I cannot help starting to see a new trend on FreeBSD and I'm not too sure it's a good one, especially if you take into consideration the time it takes to build the Clang compiler. What I'm referring to?  Well, this:


```
$ pkg info -ox llvm
llvm40-4.0.1_7                 devel/llvm40
llvm50-5.0.2                   devel/llvm50
llvm60-6.0.1_1                 devel/llvm60
```
I am not a FreeBSD coder and there could be something I'm missing here, but even so I still think this is ridiculous. Do I really need 4 different compilers (don't forget about the base system)?

Now, the reason for my small vent...

After upgrading to FreeBSD 11.2 my system is in pretty good condition, including X, yet one port does give me a few problems right now which is www/firefox. It started dumping core on me (this has happened before) and right now the build process also fails (nothing I can't handle so far). In order to find the possible cause (though I already have a good hunch) I build the port using: `# make build |& tee build.log` and started my investigation.

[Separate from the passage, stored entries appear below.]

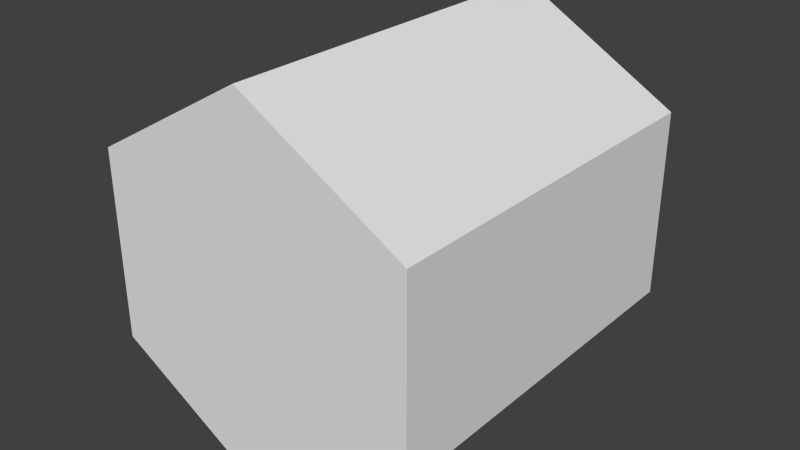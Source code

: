 # Source: HexagonWall.blend  (saved by Blender 2.79.0; exported with 4.5.12 LTS)
import bpy
from mathutils import Matrix  # noqa: F401  (used for matrix-valued properties, if any)

bpy.ops.wm.read_factory_settings(use_empty=True)
scene = bpy.context.scene
scene.name = 'Scene'

# ---- collections
col_collection_1 = bpy.data.collections.new('Collection 1'); scene.collection.children.link(col_collection_1)

# ---- world
world_world = bpy.data.worlds.new('World'); scene.world = world_world
world_world.color = (0.05088, 0.05088, 0.05088)
world_world.use_sun_shadow = False
world_world.sun_shadow_jitter_overblur = 0.0
world_world.cycles.sampling_method = 'NONE'
world_world.cycles.sample_map_resolution = 256

# ---- meshes
me_cylinder = bpy.data.meshes.new('Cylinder')
me_cylinder.from_pydata([(-1.49e-08, 2.384e-07, -1.0), (-1.49e-08, 2.0, -1.0), (0.866, -7.153e-07, -0.5), (0.866, 2.0, -0.5), (0.866, 2.384e-07, 0.5), (0.866, 2.0, 0.5), (-1.023e-07, 2.384e-07, 1.0), (-1.023e-07, 2.0, 1.0), (-0.866, 2.384e-07, 0.5), (-0.866, 2.0, 0.5), (-0.866, 2.384e-07, -0.5), (-0.866, 2.0, -0.5)], [], [(0, 1, 3, 2), (2, 3, 5, 4), (4, 5, 7, 6), (6, 7, 9, 8), (3, 1, 11, 9, 7, 5), (10, 11, 1, 0), (8, 9, 11, 10), (0, 2, 4, 6, 8, 10)])
me_cylinder.polygons.foreach_set('material_index', [0, 0, 0, 0, 0, 0, 0, 1])
_uv = me_cylinder.uv_layers.new(name='UVMap')
_uv.uv.foreach_set('vector', [0.5, 0.9362, 0.5, 0.963, 0.901, 0.7315, 0.8778, 0.7181, 0.8778, 0.7181, 0.901, 0.7315, 0.901, 0.2685, 0.8778, 0.2819, 0.8778, 0.2819, 0.901, 0.2685, 0.5, 0.03702, 0.5, 0.06376, 0.5, 0.06376, 0.5, 0.03702, 0.09905, 0.2685, 0.1222, 0.2819, 0.901, 0.7315, 0.5, 0.963, 0.09905, 0.7315, 0.09905, 0.2685, 0.5, 0.03702, 0.901, 0.2685, 0.1222, 0.7181, 0.09905, 0.7315, 0.5, 0.963, 0.5, 0.9362, 0.1222, 0.2819, 0.09905, 0.2685, 0.09905, 0.7315, 0.1222, 0.7181, 0.5, 0.9362, 0.8778, 0.7181, 0.8778, 0.2819, 0.5, 0.06376, 0.1222, 0.2819, 0.1222, 0.7181])
me_cylinder.materials.append(None)
me_cylinder.materials.append(None)
me_cylinder.use_remesh_preserve_volume = False
me_cylinder.use_remesh_preserve_attributes = False
me_cylinder.use_mirror_vertex_groups = False
me_cylinder.update()

# ---- objects
ob_cylinder = bpy.data.objects.new('Cylinder', me_cylinder)

# ---- transforms, parenting, visibility, modifiers, constraints
ob_cylinder.location = (0.0, 0.0, 0.0)
ob_cylinder.lineart.crease_threshold = 0.0

# ---- collection membership
col_collection_1.objects.link(ob_cylinder)

# ---- scene / render settings (as saved in the file)
scene.frame_start = 1; scene.frame_end = 250; scene.frame_set(1)
scene.render.engine = 'BLENDER_EEVEE_NEXT'
scene.render.resolution_percentage = 50
scene.render.dither_intensity = 0.0
scene.cycles.use_denoising = False
scene.cycles.samples = 10
scene.cycles.sampling_pattern = 'TABULATED_SOBOL'
scene.cycles.light_sampling_threshold = 0.0
scene.cycles.use_adaptive_sampling = False
scene.cycles.use_light_tree = False
scene.cycles.blur_glossy = 0.0
scene.cycles.pixel_filter_type = 'GAUSSIAN'
scene.cycles.sample_clamp_indirect = 0.0
scene.view_settings.view_transform = 'Standard'
bpy.context.view_layer.update()

# ---- added for rendering (the .blend has no active camera and no usable light): camera, sun
cam_auto = bpy.data.cameras.new('AutoCamera')
cam_auto.lens = 50.0
cam_auto.sensor_width = 36.0
cam_auto.clip_end = 1000.0
ob_auto_camera = bpy.data.objects.new('AutoCamera', cam_auto)
scene.collection.objects.link(ob_auto_camera)
ob_auto_camera.location = (3.06862, -2.68235, 2.4549)
ob_auto_camera.rotation_euler = (1.09748, -7.21219e-08, 0.694738)
scene.camera = ob_auto_camera
light_auto_sun = bpy.data.lights.new('AutoSun', 'SUN')
light_auto_sun.energy = 3.0
light_auto_sun.angle = 0.0523599
ob_auto_sun = bpy.data.objects.new('AutoSun', light_auto_sun)
scene.collection.objects.link(ob_auto_sun)
ob_auto_sun.rotation_euler = (0.872665, 0.174533, 0.523599)
bpy.context.view_layer.update()

And that's where I'm starting to lose faith in some port maintainers:


```
===>   firefox-61.0.1,1 depends on executable: autoconf-2.13 - found
===>   firefox-61.0.1,1 depends on executable: yasm - found
===>   firefox-61.0.1,1 depends on executable: zip - found
===>   firefox-61.0.1,1 depends on package: llvm60>0 - found
===>   firefox-61.0.1,1 depends on file: /usr/local/bin/python3.6 - found
===>   firefox-61.0.1,1 depends on package: gtk3>=3.14.6 - found
```
Seems obvious enough, right? Firefox has many dependencies such as devel/llvm60. As a result my system started spending a lot of time upgrading that instead of building Firefox. But there's probably a good reason for all this.

_Well...._

```
cc -fno-strict-aliasing -O2 -pipe -fstack-protector -fno-strict-aliasing -DNDEBUG -D_GLIBCXX_USE_C99 -D_GLIBCXX_USE_C99_MATH_TR1 -D_DECLARE_C99_LDBL_MATH -DLIBICONV_PLUG -isystem /usr/local/include -fPIC -DPSUTIL_POSIX=1 -DPSUTIL_BSD=1 -DPSUTIL_VERSION=543 -DPSUTIL_FREEBSD=1 -I/usr/local/include/python2.7 -c psutil/_psutil_posix.c -o build/temp.freebsd-11.2-RELEASE-amd64-2.7/psutil/_psutil_posix.o
```
First we see it firing up cc. Obviously relying on the default compiler and default search path. Although you can change the compiler used for the cc target in /etc/make.conf (using the CC= directive) the default is simply /usr/bin/cc.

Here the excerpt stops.